5. Asking the right question: what are we trying to achieve?

So, we decided to take a step back from the situation, and only by doing this we understand that we just wanted to use and have graphs to monitor our system. As a matter a fact, we did not need to put a huge amount of data into ELK just to draw a bunch of graphs. As ELK is a very complete product, as a company we were tempted from the beginning to put all your logs in it just to derive a few metrics which are then displayed on a graph. In our case, we just needed metrics! There is actually a conceptual difference between two kinds of data: logs and metrics. Any developer knows what are logs: things that happen. Metrics are a bit more subtle. They are a measurement of something (for example, CPU utilization, the number of HTTP requests, etc.). They are usually the output of an aggregate mathematical function (like mean, median, decile, etc.) and published at a fixed frequency to a monitoring system (for example one data point per minute). It means that the number of data points is not proportional to the load.

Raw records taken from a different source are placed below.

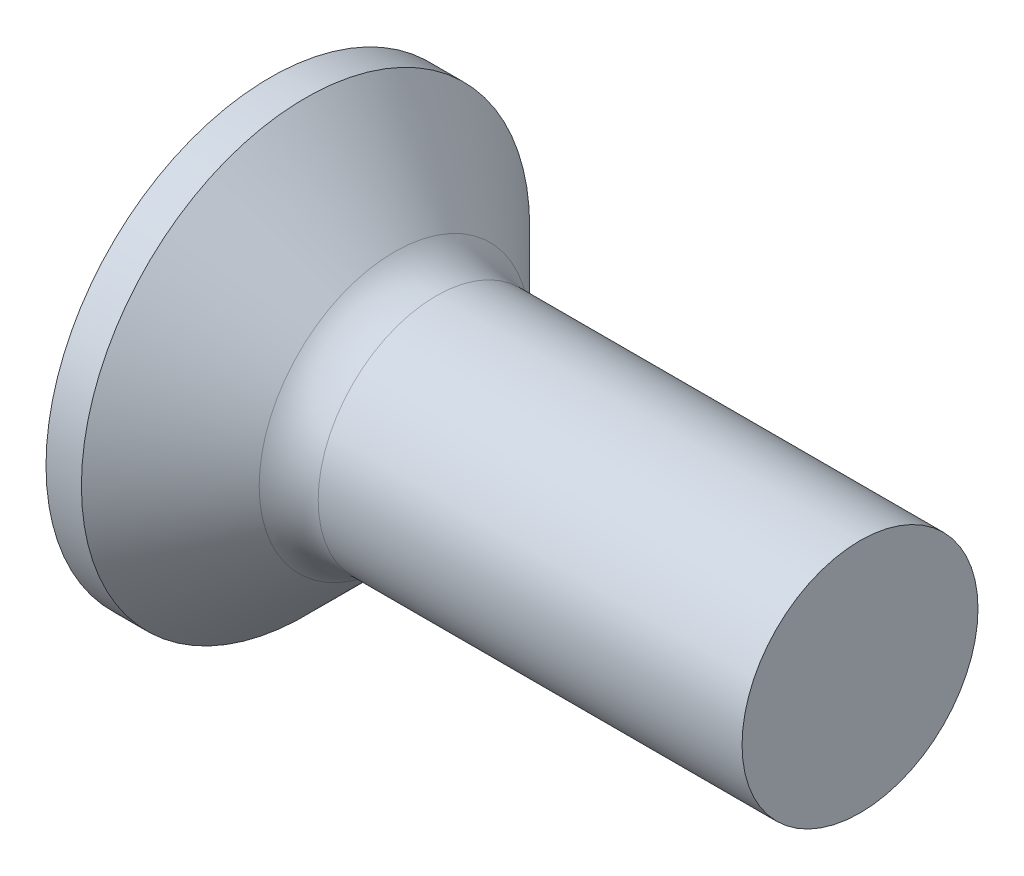
SolidWorks part; units mm, degrees
ref_plane "Plane1" through (0, 0, 0) normal (0, 0, 1) x (1, 0, 0)
ref_plane "Plane2" through (0, 0, 0) normal (0, 1, 0) x (1, 0, 0)
ref_plane "Plane3" through (0, 0, 0) normal (1, 0, 0) x (0, 0, -1)
sketch "BodySke" plane through (0, 0, 0) normal (0, 0, 1) x (1, 0, 0)
  line L0 (0, 0) -> (0, 1.9)
  line L1 (0, 1.9) -> (0.3, 1.9)
  line L2 (1.2, 1) -> (5, 1)
  line L3 (5, 1) -> (5, 0)
  line L4 (5, 0) -> (0, 0)
  line L5 (-6.35, 0) -> (82.55, 0) construction
  line L6 (1.2, -1) -> (5, -1) construction
  line L7 (0.3, -1.9) -> (1.2, -1) construction
  line L8 (0.3, 1.9) -> (1.2, 1)
  line L9 (0, -1.9) -> (0.3, -1.9) construction
  line L10 (1.6, 2.5875) -> (1.6, -6.9375) construction
  line L11 (0, 6.35) -> (0, -3.175) construction
  dimension "Diameter" = 2
  dimension "Length" = 5
  dimension "Head_ht" = 1.2
  dimension "Head_dia" = 3.8
  dimension "Head_ang" = 90
  dimension "D6" = 0.3
  dimension "Advance" = 0.4
  dimension "Thread_nom" = 5
revolve "Base-Revolve" add sketch "BodySke"
cosmetic thread "ThreadCosmetic" [suppressed]
fillet "Fillet1" radius 0.5 1 edges at (1.2, 0, 1)
sketch "Sketch3" plane through (0, 0, 0) normal (-1, 0, 0) x (0, 0, 1)
  line L0 (-0.24, 0.95) -> (0.24, 0.95)
  line L1 (0.24, 0.95) -> (0.24, -0.95)
  line L2 (0.24, -0.95) -> (-0.24, -0.95)
  line L3 (-0.24, -0.95) -> (-0.24, 0.95)
  dimension "D1" = 0.95
  dimension "Cross_dia" = 1.9
  dimension "D2" = 0.24
  dimension "Cross_width" = 0.48
ref_plane "Plane4" through (1.2, 0, 0) normal (-1, 0, 0) x (0, 0, 1)
sketch "Sketch4" plane through (1.2, 0, 0) normal (-1, 0, 0) x (0, 0, 1)
  line L0 (-0.24, 0.3517) -> (0.24, 0.3517)
  line L3 (0.24, 0.3517) -> (0.24, -0.3517)
  line L4 (0.24, -0.3517) -> (-0.24, -0.3517)
  line L5 (-0.24, -0.3517) -> (-0.24, 0.3517)
  dimension "D1" = 0.48
  dimension "D2" = 0.7034
  dimension "D3" = 0.24
  dimension "D4" = 0.3517
loft "Recess" cut profiles "Sketch3", "Sketch4"
pattern_circular "RecPat" count 2 every 90 about axis through (0, 0, 0) along (1, 0, 0) of "Recess"
sketch "RecCorSke" plane through (0, 0, 0) normal (0, 0, 1) x (1, 0, 0)
  line L0 (-3.175, 0) -> (15.875, 0) construction
  line L2 (0, 0) -> (0, 0.4394)
  line L3 (0, 0.4394) -> (1.2, 0.3555)
  line L4 (1.2, 0.3555) -> (1.3155, 0)
  line L5 (1.3155, 0) -> (0, 0)
  dimension "Diameter" = 0.711
  dimension "Depth" = 1.2
  dimension "Draft_angle" = 4
  dimension "Bottom_angle" = 18
revolve "RecessCore" cut sketch "RecCorSke" angle 360 about L0
sketch "ThdSchSke" plane through (0, 0, 0) normal (0, 0, 1) x (1, 0, 0)
  line L0 (1.6, -0.774) -> (1.4418, -1)
  line L1 (1.6, -0.774) -> (1.7582, -1)
  line L2 (1.7582, -1) -> (1.7582, -1.25)
  line L3 (-3.175, 0) -> (5.1513, 0) construction
  line L5 (1.7582, -1.25) -> (1.4418, -1.25)
  line L6 (1.4418, -1.25) -> (1.4418, -1)
  line L7 (0, 1.9) -> (0, -1.9) construction
  dimension "Thread_minor" = 1.548
  dimension "Diameter" = 2
  dimension "Start" = 1.6
  dimension "SideAngle" = 55
  dimension "VeeAngle" = 70
  dimension "Overcut" = 2.5
revolve "ThreadSchematic" [suppressed] cut sketch "ThdSchSke" angle 360 about L3
pattern_linear "ThdSchPat" [suppressed]
equation "\"D1@Sketch3\" = \"Cross_dia@Sketch3\" / 2"
equation "\"D2@Sketch3\" = \"Cross_width@Sketch3\" / 2"
equation "\"Depth@RecCorSke\" = \"Cross_depth@Plane4\""
equation "\"D1@Sketch4\" = \"Cross_width@Sketch3\""
equation "\"D2@Sketch4\" = \"Cross_dia@Sketch3\" - 2.0 * \"Cross_depth@Plane4\" * tan(26.5  * 0.017453292)"
equation "\"D3@Sketch4\" = \"D1@Sketch4\" / 2"
equation "\"D4@Sketch4\" = \"D2@Sketch4\" / 2"
equation "\"Thread_length@ThreadCosmetic\" = ((sgn( (\"Length@BodySke\" - \"Advance@BodySke\" * 1.0 - \"Head_ht@BodySke\" ) - \"Thread_nom@BodySke\" )-1)*( (\"Length@BodySke\" - \"Advance@BodySke\" * 1.0 - \"Head_ht@BodySke\" ) - \"Thread_nom@BodySke\" ))/-2+ \"Thread_nom@BodySke\""
equation "\"Thread_minor@ThdSchSke\" = \"Thread_minor@ThreadCosmetic\""
equation "\"Diameter@ThdSchSke\" = \"Diameter@BodySke\""
equation "\"Overcut@ThdSchSke\" = \"Diameter@BodySke\" * 1.25"
equation "\"Start@ThdSchSke\" = 0.000001 + \"Length@BodySke\" - \"Thread_length@ThreadCosmetic\"  '---Countersunk---"
equation "\"Num_threads@ThdSchPat\" = int( \"Thread_length@ThreadCosmetic\" / \"Advance@BodySke\" + 0.999 )  + 1"
equation "\"Advance@ThdSchPat\" = \"Thread_length@ThreadCosmetic\" /  (\"Num_threads@ThdSchPat\" - 1) 'relax it"

6. Transitioning to a new paradigm

We wrote a few lines of codes in each of our microservices to calculate the metrics we needed. We chose to display these metrics in Stackdriver Monitoring. It was quite convenient for us as we are already in Google Cloud Platform. It is a completely managed service so it is not a burden for our operation team. However, we could have switched to another metrics reporting service. That’s it! We could have also kept ELK for this usage but we prefer to go for a more managed solution. To get more details on our error logs, we relied already on Sentry. For “usual” logs which were reduced only to what’s necessary, we are now using Stackdriver Logging to centralize them. We lost the powerful “drill down” feature of ELK. We are not able anymore to dig on a red spike on a graph until we spot the exact bunch of logs which are causing the issue.

Conclusion

ELK is a great product. It is actually the best solution to store and analyze logs. It is well documented and easy to deploy. However, when we needed to scale up we faced multiple issues and we had to rethink our monitoring strategy. We had also to scope our needs. It was not possible anymore to store everything and to wait until later until we decided what we wanted to do with the data. By planning ahead what we want to display, we moved from a heavy, time-consuming monitoring stack to a very light and reliable one.